- _What the exercise asks_
Everything in the records must be copied exactly, apart from the pictures.

┄┄┄┄┄┄┄┄┄┄┄┄┄┄┄┄┄┄┄┄

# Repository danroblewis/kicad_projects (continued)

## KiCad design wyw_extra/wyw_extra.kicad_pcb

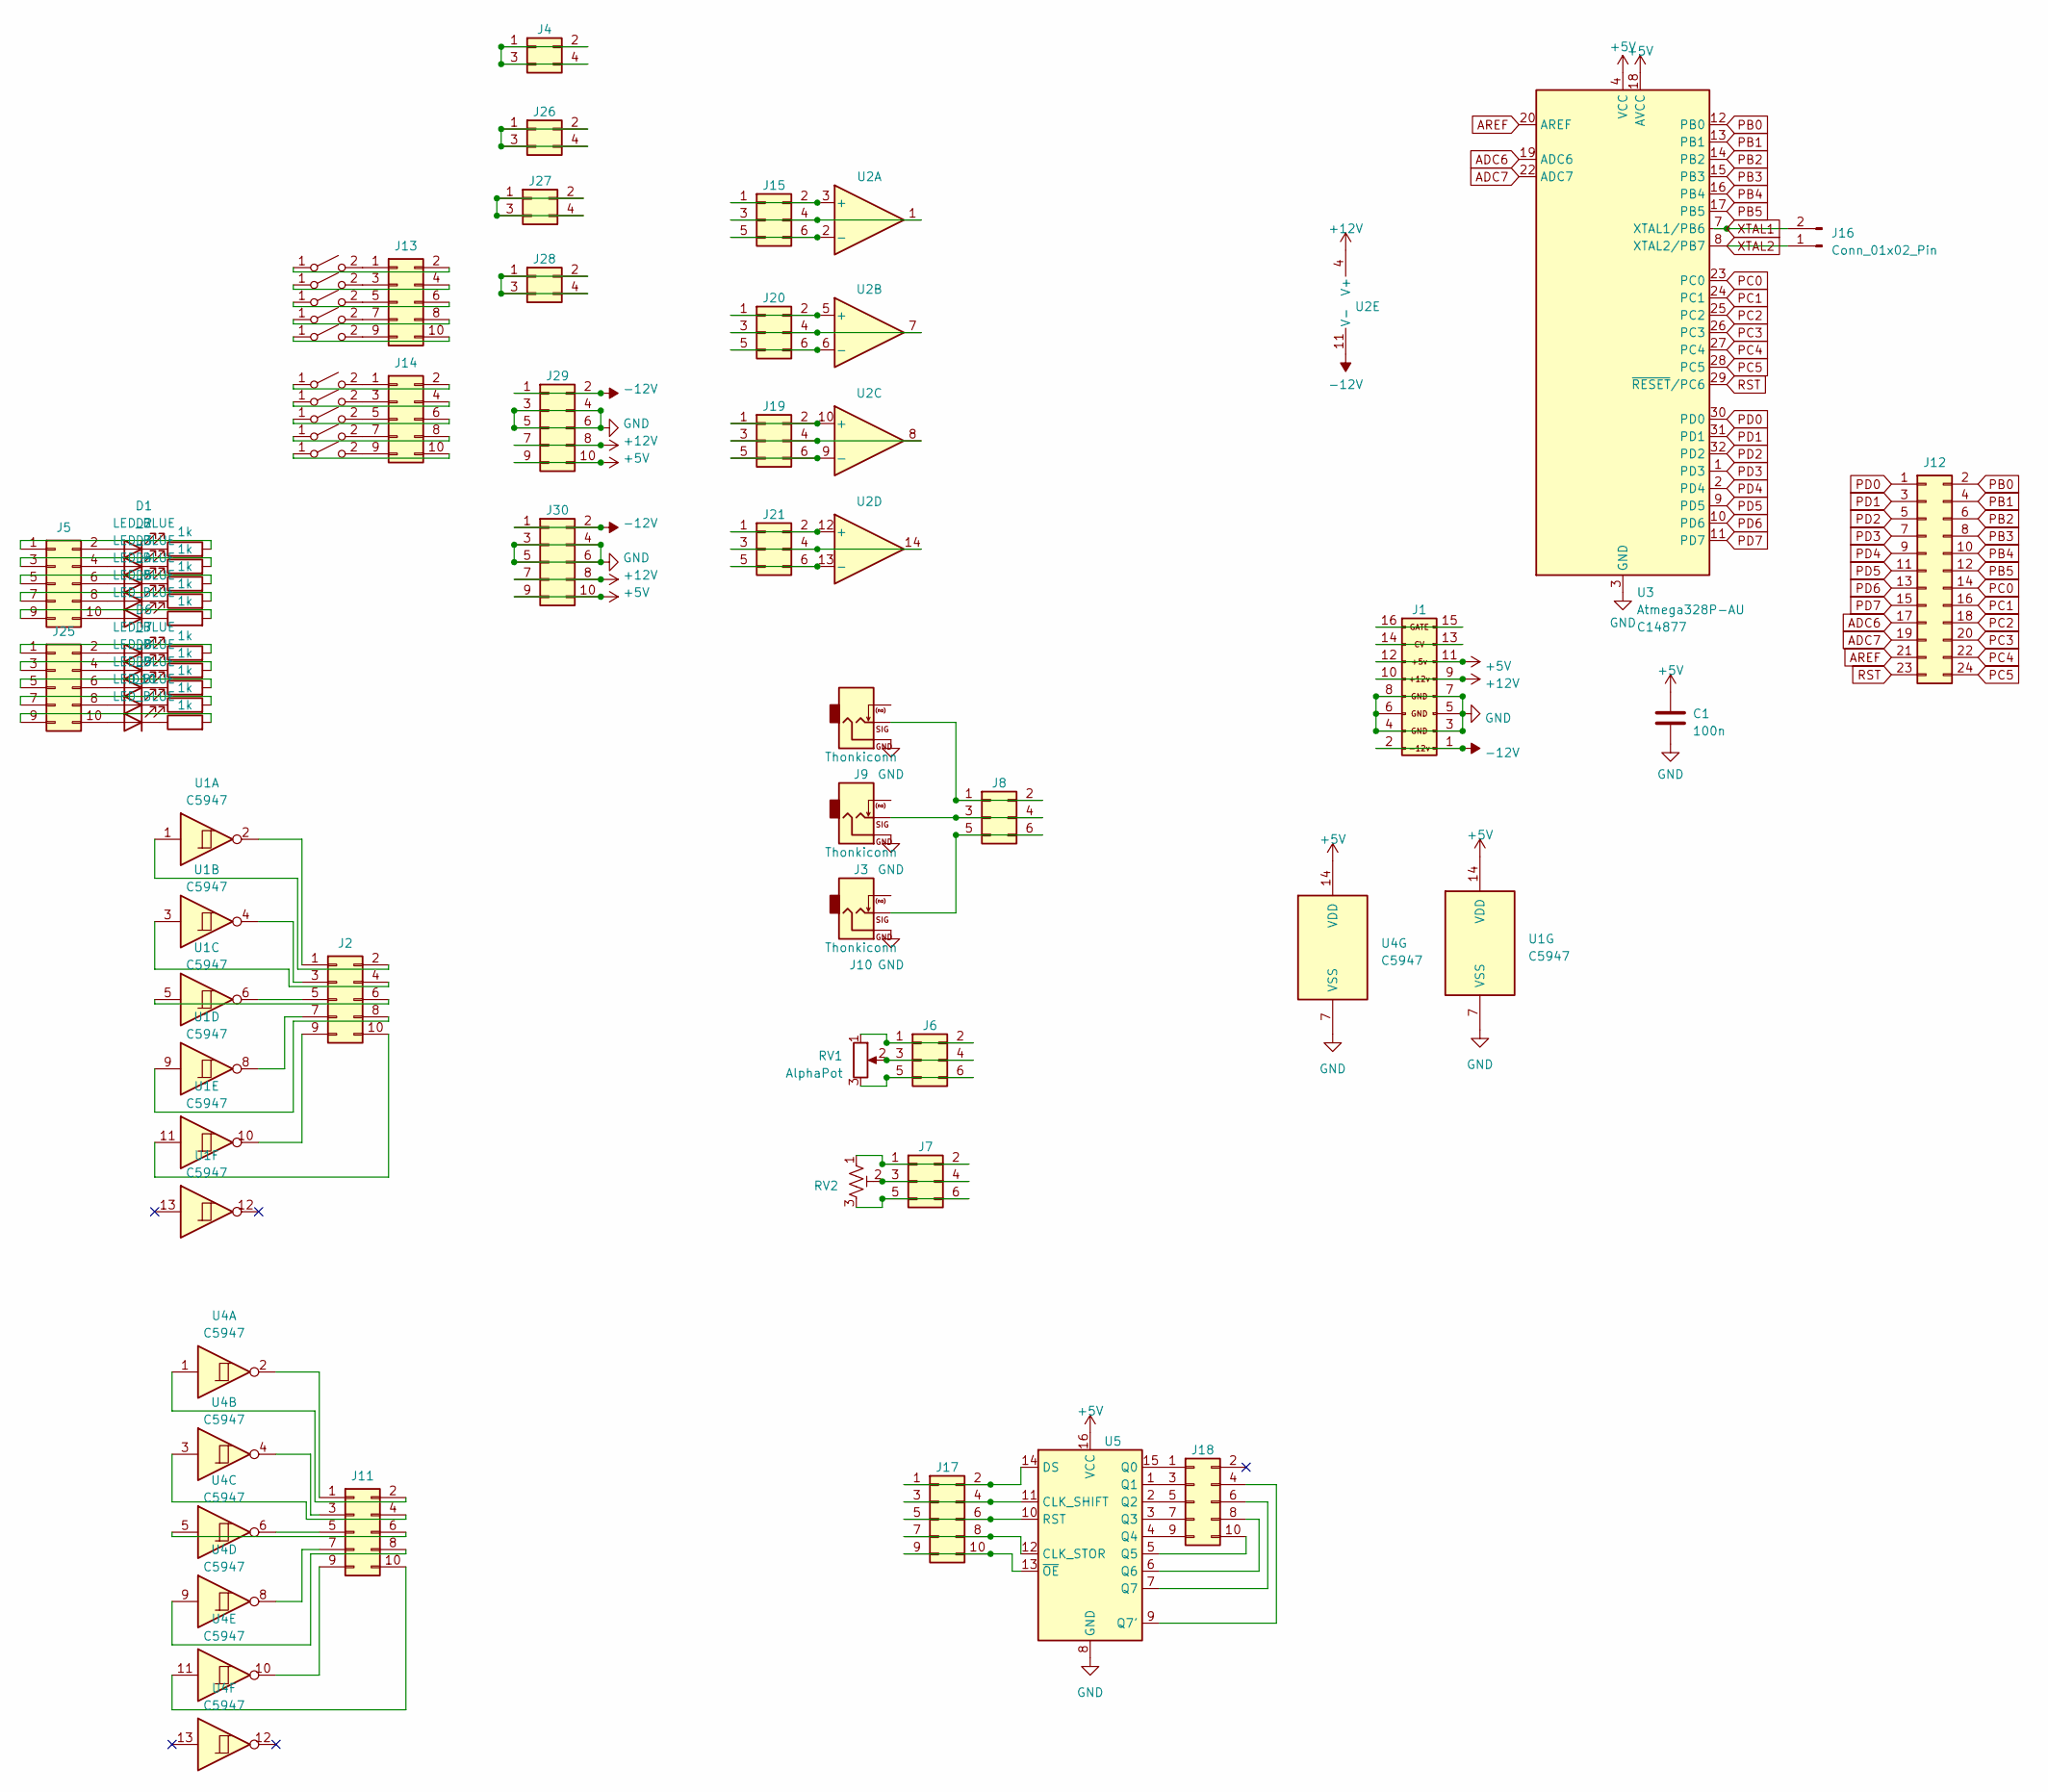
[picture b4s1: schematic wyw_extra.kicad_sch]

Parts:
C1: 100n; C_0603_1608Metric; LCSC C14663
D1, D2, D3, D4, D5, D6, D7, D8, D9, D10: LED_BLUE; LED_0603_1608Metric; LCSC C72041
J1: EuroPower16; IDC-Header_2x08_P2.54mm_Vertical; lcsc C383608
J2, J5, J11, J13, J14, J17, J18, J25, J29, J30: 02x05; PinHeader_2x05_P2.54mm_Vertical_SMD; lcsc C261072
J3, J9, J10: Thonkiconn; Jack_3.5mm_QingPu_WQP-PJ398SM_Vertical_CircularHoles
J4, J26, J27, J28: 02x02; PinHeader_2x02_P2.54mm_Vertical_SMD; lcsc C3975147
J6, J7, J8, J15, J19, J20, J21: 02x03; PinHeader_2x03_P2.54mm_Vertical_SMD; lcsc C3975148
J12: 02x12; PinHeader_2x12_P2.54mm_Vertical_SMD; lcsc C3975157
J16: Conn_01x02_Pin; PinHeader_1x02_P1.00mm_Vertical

┄┄┄┄┄┄┄┄┄┄┄┄┄┄┄┄┄┄┄┄

- _Output of the task_
# Repository danroblewis/kicad_projects (continued)

## KiCad design wyw_extra/wyw_extra.kicad_pcb

[picture b4s1: schematic wyw_extra.kicad_sch]

Parts:
C1: 100n; C_0603_1608Metric; LCSC C14663
D1, D2, D3, D4, D5, D6, D7, D8, D9, D10: LED_BLUE; LED_0603_1608Metric; LCSC C72041
J1: EuroPower16; IDC-Header_2x08_P2.54mm_Vertical; lcsc C383608
J2, J5, J11, J13, J14, J17, J18, J25, J29, J30: 02x05; PinHeader_2x05_P2.54mm_Vertical_SMD; lcsc C261072
J3, J9, J10: Thonkiconn; Jack_3.5mm_QingPu_WQP-PJ398SM_Vertical_CircularHoles
J4, J26, J27, J28: 02x02; PinHeader_2x02_P2.54mm_Vertical_SMD; lcsc C3975147
J6, J7, J8, J15, J19, J20, J21: 02x03; PinHeader_2x03_P2.54mm_Vertical_SMD; lcsc C3975148
J12: 02x12; PinHeader_2x12_P2.54mm_Vertical_SMD; lcsc C3975157
J16: Conn_01x02_Pin; PinHeader_1x02_P1.00mm_Vertical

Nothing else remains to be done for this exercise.